DIRECTIONS -> Using the records below, output the stretch that opens with the line containing "unnamed: D14.2 (A), MX13.2 (ROW)" and closes with the line containing "unnamed: D22.2 (A), MX21.2", exactly and including both lines, with nothing more.

DATA EXCERPTS ->
»»

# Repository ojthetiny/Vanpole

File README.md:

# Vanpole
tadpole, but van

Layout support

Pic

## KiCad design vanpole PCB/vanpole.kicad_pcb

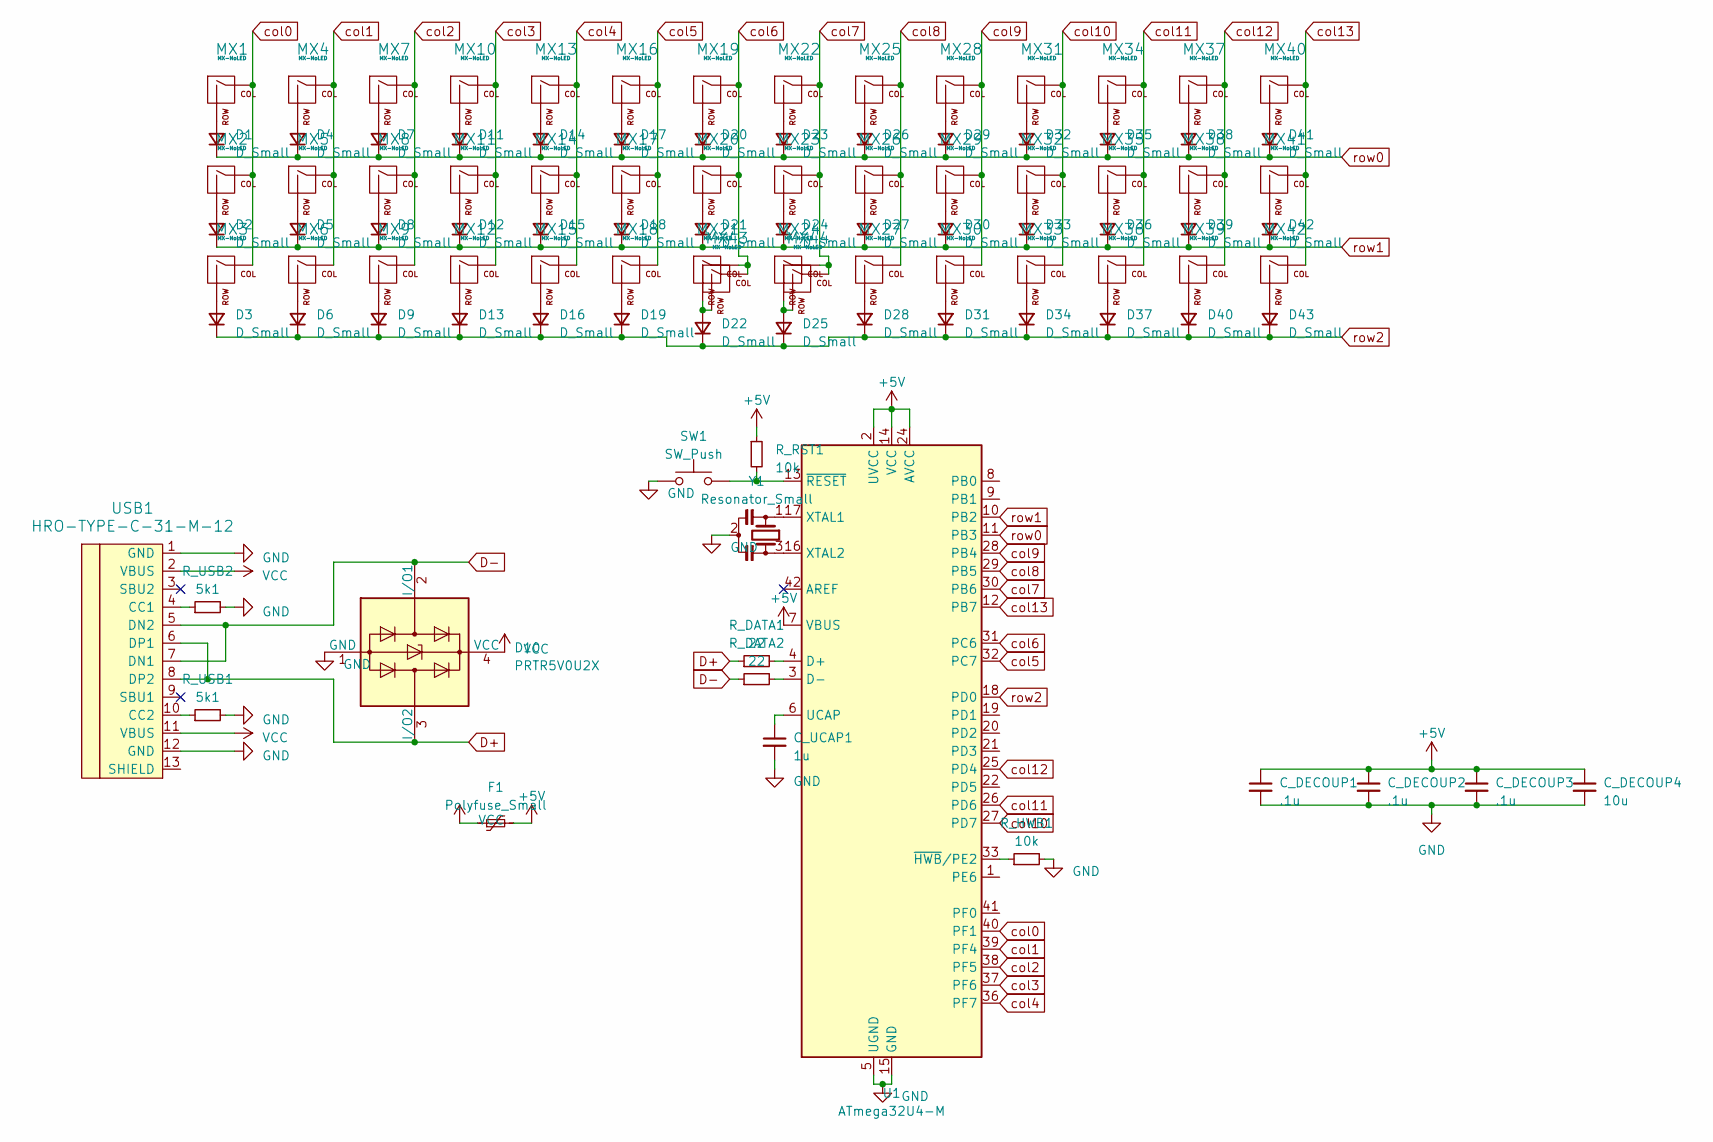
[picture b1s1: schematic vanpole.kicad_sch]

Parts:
C_DECOUP1, C_DECOUP2, C_DECOUP3: .1u; C_0402_1005Metric
C_DECOUP4: 10u; C_0402_1005Metric
C_UCAP1: 1u; C_0402_1005Metric
D1, D2, D3, D4, D5, D6, D7, D8, D9, D11, D12, D13, D14, D15, D16, D17, D18, D19, D20, D21, D22, D23, D24, D25, D26, D27, D28, D29, D30, D31, D32, D33, D34, D35, D36, D37, D38, D39, D40, D41, D42, D43: D_Small; D_SOD-123
D10: PRTR5V0U2X; SOT-143
F1: Polyfuse_Small; Fuse_0805_2012Metric
MX1, MX4, MX5, MX6, MX7, MX8, MX9, MX10, MX11, MX12, MX13, MX14, MX15, MX16, MX17, MX18, MX19, MX20, MX21, MX22, MX23, MX24, MX25, MX26, MX27, MX28, MX29, MX30, MX31, MX32, MX33, MX34, MX35, MX36, MX37, MX38, MX39, MX42: MX-NoLED; MX_1u_NoLED
MX2: MX-NoLED; MX_1.25u_NoLED
MX3, MX40: MX-NoLED; MX_1.75u_NoLED
MX41: MX-NoLED; MX_1.5u_NoLED
MX43, MX44: MX-NoLED; MX_2u_ReversedStabilizers_NoLED
R_DATA1, R_DATA2: 22; R_0402_1005Metric
R_HWB1: 10k; R_0402_1005Metric
R_RST1: 10k; R_0402_1005Metric
R_USB1, R_USB2: 5k1; R_0402_1005Metric
SW1: SW_Push; R_Axial_DIN0204_L3.6mm_D1.6mm_P1.90mm_Vertical
U1: ATmega32U4-M; QFN-44-1EP_7x7mm_P0.5mm_EP5.2x5.2mm
USB1: HRO-TYPE-C-31-M-12; HRO-TYPE-C-31-M-12-Assembly
Y1: Resonator_Small; Resonator_SMD_Murata_CSTxExxV-3Pin_3.0x1.1mm

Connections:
+5V: C_DECOUP1.1, C_DECOUP2.1, C_DECOUP3.1, C_DECOUP4.1, F1.2, R_RST1.1, U1.2 (UVCC), U1.7 (VBUS), U1.14 (VCC), U1.24 (AVCC), U1.34 (VCC), U1.44 (AVCC)
D+: D10.3 (I/O2), R_DATA1.1, USB1.6 (DP1), USB1.8 (DP2)
D-: D10.2 (I/O1), R_DATA2.1, USB1.5 (DN2), USB1.7 (DN1)
GND: C_DECOUP1.2, C_DECOUP2.2, C_DECOUP3.2, C_DECOUP4.2, C_UCAP1.2, D10.1 (GND), R_HWB1.2, R_USB1.2, R_USB2.2, SW1.1, U1.5 (UGND), U1.15 (GND), U1.23 (GND), U1.35 (GND), U1.43 (GND), U1.45 (GND), USB1.1 (GND), USB1.12 (GND), Y1.2
unnamed: C_UCAP1.1, U1.6 (UCAP)
unnamed: D1.2 (A), MX1.2 (ROW)
unnamed: D2.2 (A), MX2.2 (ROW)
unnamed: D3.2 (A), MX3.2 (ROW)
unnamed: D4.2 (A), MX4.2 (ROW)
unnamed: D5.2 (A), MX5.2 (ROW)
unnamed: D6.2 (A), MX6.2 (ROW)
unnamed: D7.2 (A), MX7.2 (ROW)
unnamed: D8.2 (A), MX8.2 (ROW)
unnamed: D9.2 (A), MX9.2 (ROW)
unnamed: D11.2 (A), MX10.2 (ROW)
unnamed: D12.2 (A), MX11.2 (ROW)
unnamed: D13.2 (A), MX12.2 (ROW)
unnamed: D14.2 (A), MX13.2 (ROW)
unnamed: D15.2 (A), MX14.2 (ROW)
unnamed: D16.2 (A), MX15.2 (ROW)
unnamed: D17.2 (A), MX16.2 (ROW)
unnamed: D18.2 (A), MX17.2 (ROW)
unnamed: D19.2 (A), MX18.2 (ROW)
unnamed: D20.2 (A), MX19.2 (ROW)
unnamed: D21.2 (A), MX20.2 (ROW)
unnamed: D22.2 (A), MX21.2 (ROW), MX43.2 (ROW)
unnamed: D23.2 (A), MX22.2 (ROW)
unnamed: D24.2 (A), MX23.2 (ROW)
unnamed: D25.2 (A), MX24.2 (ROW), MX44.2 (ROW)
unnamed: D26.2 (A), MX25.2 (ROW)
unnamed: D27.2 (A), MX26.2 (ROW)
unnamed: D28.2 (A), MX27.2 (ROW)
unnamed: D29.2 (A), MX28.2 (ROW)
unnamed: D30.2 (A), MX29.2 (ROW)
unnamed: D31.2 (A), MX30.2 (ROW)
unnamed: D32.2 (A), MX31.2 (ROW)
unnamed: D33.2 (A), MX32.2 (ROW)
unnamed: D34.2 (A), MX33.2 (ROW)
unnamed: D35.2 (A), MX34.2 (ROW)
unnamed: D36.2 (A), MX35.2 (ROW)
unnamed: D37.2 (A), MX36.2 (ROW)
unnamed: D38.2 (A), MX37.2 (ROW)
unnamed: D39.2 (A), MX38.2 (ROW)
unnamed: D40.2 (A), MX39.2 (ROW)
unnamed: D41.2 (A), MX40.2 (ROW)
unnamed: D42.2 (A), MX41.2 (ROW)
unnamed: D43.2 (A), MX42.2 (ROW)
unnamed: R_DATA1.2, U1.4 (D+)
unnamed: R_DATA2.2, U1.3 (D-)
unnamed: R_HWB1.1, U1.33 (~HWB~/PE2)
unnamed: R_RST1.2, SW1.2, U1.13 (~RESET)
unnamed: R_USB2.1, USB1.4 (CC1)
unnamed: U1.16 (XTAL2), Y1.3
unnamed: U1.17 (XTAL1), Y1.1
unnamed: R_USB1.1, USB1.10 (CC2)
VCC: D10.4 (VCC), F1.1, USB1.2 (VBUS), USB1.11 (VBUS)
col0: MX1.1 (COL), MX2.1 (COL), MX3.1 (COL), U1.40 (PF1)
col1: MX4.1 (COL), MX5.1 (COL), MX6.1 (COL), U1.39 (PF4)
col2: MX7.1 (COL), MX8.1 (COL), MX9.1 (COL), U1.38 (PF5)
col3: MX10.1 (COL), MX11.1 (COL), MX12.1 (COL), U1.37 (PF6)
col4: MX13.1 (COL), MX14.1 (COL), MX15.1 (COL), U1.36 (PF7)
col5: MX16.1 (COL), MX17.1 (COL), MX18.1 (COL), U1.32 (PC7)
col6: MX19.1 (COL), MX20.1 (COL), MX21.1 (COL), MX43.1 (COL), U1.31 (PC6)
col7: MX22.1 (COL), MX23.1 (COL), MX24.1 (COL), MX44.1 (COL), U1.30 (PB6)
col8: MX25.1 (COL), MX26.1 (COL), MX27.1 (COL), U1.29 (PB5)
col9: MX28.1 (COL), MX29.1 (COL), MX30.1 (COL), U1.28 (PB4)
col10: MX31.1 (COL), MX32.1 (COL), MX33.1 (COL), U1.27 (PD7)
col11: MX34.1 (COL), MX35.1 (COL), MX36.1 (COL), U1.26 (PD6)
col12: MX37.1 (COL), MX38.1 (COL), MX39.1 (COL), U1.25 (PD4)
col13: MX40.1 (COL), MX41.1 (COL), MX42.1 (COL), U1.12 (PB7)
row0: D1.1 (K), D4.1 (K), D7.1 (K), D11.1 (K), D14.1 (K), D17.1 (K), D20.1 (K), D23.1 (K), D26.1 (K), D29.1 (K), D32.1 (K), D35.1 (K), D38.1 (K), D41.1 (K), U1.11 (PB3)
row1: D2.1 (K), D5.1 (K), D8.1 (K), D12.1 (K), D15.1 (K), D18.1 (K), D21.1 (K), D24.1 (K), D27.1 (K), D30.1 (K), D33.1 (K), D36.1 (K), D39.1 (K), D42.1 (K), U1.10 (PB2)
row2: D3.1 (K), D6.1 (K), D9.1 (K), D13.1 (K), D16.1 (K), D19.1 (K), D22.1 (K), D25.1 (K), D28.1 (K), D31.1 (K), D34.1 (K), D37.1 (K), D40.1 (K), D43.1 (K), U1.18 (PD0)

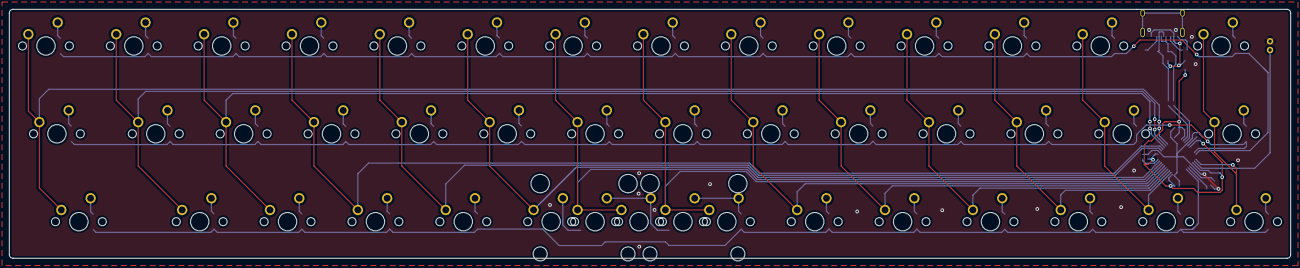
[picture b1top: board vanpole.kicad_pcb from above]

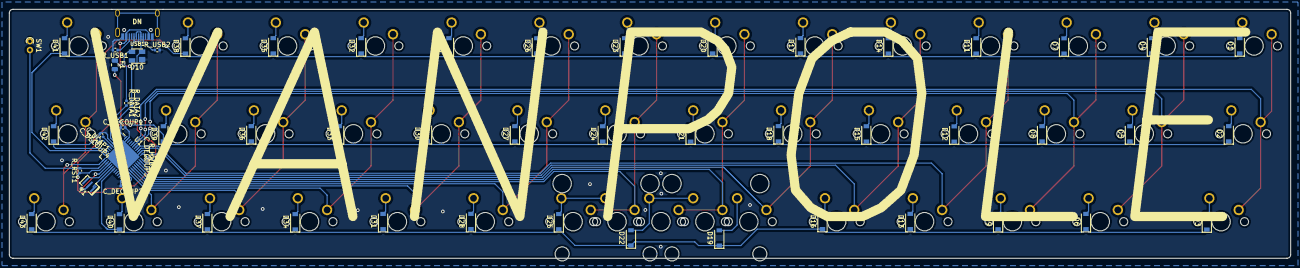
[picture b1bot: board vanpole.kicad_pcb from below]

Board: 2 copper layers, 277.8 x 54.0 mm, 103 parts (59 on the bottom side), 73 nets.

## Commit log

2022-03-13 add images
2022-03-13 rename kle pic

««

SOLUTION BELOW ->
unnamed: D14.2 (A), MX13.2 (ROW)
unnamed: D15.2 (A), MX14.2 (ROW)
unnamed: D16.2 (A), MX15.2 (ROW)
unnamed: D17.2 (A), MX16.2 (ROW)
unnamed: D18.2 (A), MX17.2 (ROW)
unnamed: D19.2 (A), MX18.2 (ROW)
unnamed: D20.2 (A), MX19.2 (ROW)
unnamed: D21.2 (A), MX20.2 (ROW)
unnamed: D22.2 (A), MX21.2 (ROW), MX43.2 (ROW)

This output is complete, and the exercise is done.